New Horizons 21 - Decoding Speech using Invasive Brain-Computer Interfaces based on Intracranial Brain Signals (dSPEECH)

Project: Research council

Project Details

Description

Some patients cannot speak because of impairment or degeneration of neural pathways recruited in speech production or movement such as motor neurone disease (MND) or amyotrophic lateral sclerosis (ALS). However, brain-computer interfaces (BCIs) may benefit them if their brain structure responsible for language or cognition is intact, as BCIs have the potential to bypass damaged neural pathways by decoding brain signals into speech directly.

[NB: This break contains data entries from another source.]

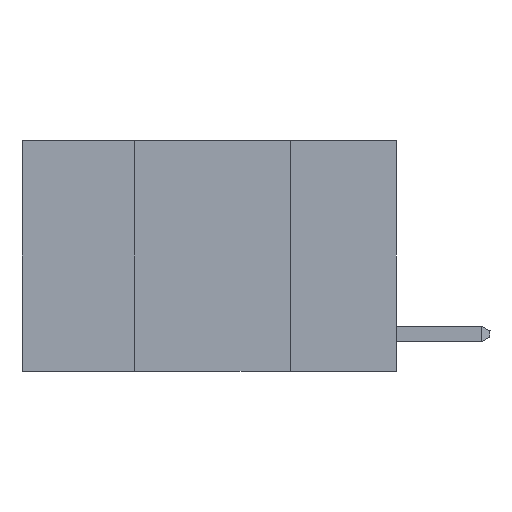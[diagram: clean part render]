
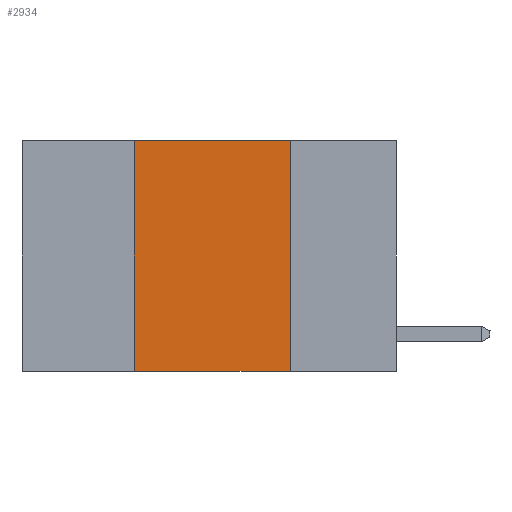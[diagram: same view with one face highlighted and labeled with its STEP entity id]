
A CAD part, left-side view. The second image highlights one B-rep face of the part: STEP entity #2934.
In plain terms, the highlighted planar face has unit normal (-1, 0, 0).
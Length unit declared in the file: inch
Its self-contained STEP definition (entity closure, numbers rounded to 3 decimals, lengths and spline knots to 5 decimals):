
#51 = CARTESIAN_POINT ( 'NONE',  ( 0., 0.17, 0. ) ) ;
#278 = LINE ( 'NONE', #17059, #8082 ) ;
#1000 = ORIENTED_EDGE ( 'NONE', *, *, #7981, .F. ) ;
#1321 = AXIS2_PLACEMENT_3D ( 'NONE', #7467, #17788, #2316 ) ;
#1937 = EDGE_CURVE ( 'NONE', #12136, #13215, #278, .T. ) ;
#2316 = DIRECTION ( 'NONE',  ( 0., 0., -1. ) ) ;
#2908 = CARTESIAN_POINT ( 'NONE',  ( 0., 0.6, 0. ) ) ;
#2934 = ADVANCED_FACE ( 'NONE', ( #12516 ), #14275, .F. ) ;
#3035 = LINE ( 'NONE', #51, #13007 ) ;
#3106 = EDGE_LOOP ( 'NONE', ( #12227, #6209, #1000, #14862 ) ) ;
#3122 = DIRECTION ( 'NONE',  ( 0., -1., 0. ) ) ;
#3889 = VECTOR ( 'NONE', #15848, 39.37008 ) ;
#4093 = VERTEX_POINT ( 'NONE', #6108 ) ;
#4600 = CARTESIAN_POINT ( 'NONE',  ( 0., 0.42, 0. ) ) ;
#5279 = CARTESIAN_POINT ( 'NONE',  ( 0., 0.42, -0.37 ) ) ;
#6108 = CARTESIAN_POINT ( 'NONE',  ( 0., 0.17, 0. ) ) ;
#6209 = ORIENTED_EDGE ( 'NONE', *, *, #10023, .F. ) ;
#6677 = VECTOR ( 'NONE', #16668, 39.37008 ) ;
#6912 = EDGE_CURVE ( 'NONE', #4093, #13215, #3035, .T. ) ;
#7074 = DIRECTION ( 'NONE',  ( 0., 0., -1. ) ) ;
#7467 = CARTESIAN_POINT ( 'NONE',  ( 0., 0.6, 0. ) ) ;
#7975 = LINE ( 'NONE', #2908, #6677 ) ;
#7981 = EDGE_CURVE ( 'NONE', #12136, #9156, #9721, .T. ) ;
#8082 = VECTOR ( 'NONE', #3122, 39.37008 ) ;
#8299 = CARTESIAN_POINT ( 'NONE',  ( 0., 0.17, -0.37 ) ) ;
#9156 = VERTEX_POINT ( 'NONE', #11794 ) ;
#9721 = LINE ( 'NONE', #4600, #3889 ) ;
#10023 = EDGE_CURVE ( 'NONE', #9156, #4093, #7975, .T. ) ;
#11794 = CARTESIAN_POINT ( 'NONE',  ( 0., 0.42, 0. ) ) ;
#12136 = VERTEX_POINT ( 'NONE', #5279 ) ;
#12227 = ORIENTED_EDGE ( 'NONE', *, *, #6912, .F. ) ;
#12516 = FACE_OUTER_BOUND ( 'NONE', #3106, .T. ) ;
#13007 = VECTOR ( 'NONE', #7074, 39.37008 ) ;
#13215 = VERTEX_POINT ( 'NONE', #8299 ) ;
#14275 = PLANE ( 'NONE',  #1321 ) ;
#14862 = ORIENTED_EDGE ( 'NONE', *, *, #1937, .T. ) ;
#15848 = DIRECTION ( 'NONE',  ( 0., 0., 1. ) ) ;
#16668 = DIRECTION ( 'NONE',  ( 0., -1., 0. ) ) ;
#17059 = CARTESIAN_POINT ( 'NONE',  ( 0., 0.6, -0.37 ) ) ;
#17788 = DIRECTION ( 'NONE',  ( 1., 0., 0. ) ) ;

BCIs may use invasive or non-invasive ways for brain signal recording. In general, the brain signals recorded by non-invasive BCIs such as electroencephalography (EEG) is of poor quality with low signal-to-noise ratio, so non-invasive BCIs cannot decode speech with acceptable performance at present. Differently, invasive BCIs such as electrocorticography (ECoG) and stereo-electroencephalography (SEEG) can collect high-quality intracranial brain signals with adequate spatial and temporal resolution, so it is promising to use invasive BCIs to decode speech.

Through overt speech using invasive BCIs (ECoG and SEEG) have been developed rapidly and many excellent results are generated in recent years, the covert (imagined) speech decoding is still challenging. There are several reasons behind this situation. The first and major reason is because the associated neural signals are weak and variable compared to overt speech, hence it is very difficult to decode covert speech by machine learning algorithms The second reason is the limited imagined speech dataset recorded invasively. This limited dataset cannot be relieved using an animal model because animals use a system of communication that is believed to be limited to expression of a finite number of utterances that is mostly determined genetically. In addition, recordings on humans are generally restricted to non-invasive techniques. Intracranial data can only be obtained in a clinical environment from patients with drug resistant epilepsy or other neural related conditions. Inclusion criteria, such as normal cognition and the ability to articulate, for speech study further decrease the number of potential subjects. This project (dSPEECH) aims to make some breakthrough regarding the above factors and do a novel study.

In dSPEECH, we are ambitious to decode covert speech using invasive BCIs (ECoG and SEEG). We will establish new paradigms for a new generation of brain-to-text BCIs, develop advanced machine learning/deep learning algorithms for decoding covert speech, and construct the world's first ECoG/SEEG dataset for covert speech. We will also tackle the possible problems on ethical issues and data management. With the available of such ECoG/SEEG dataset and the proper decoding methods, we are confident to make big progress on research of decoding covert speech.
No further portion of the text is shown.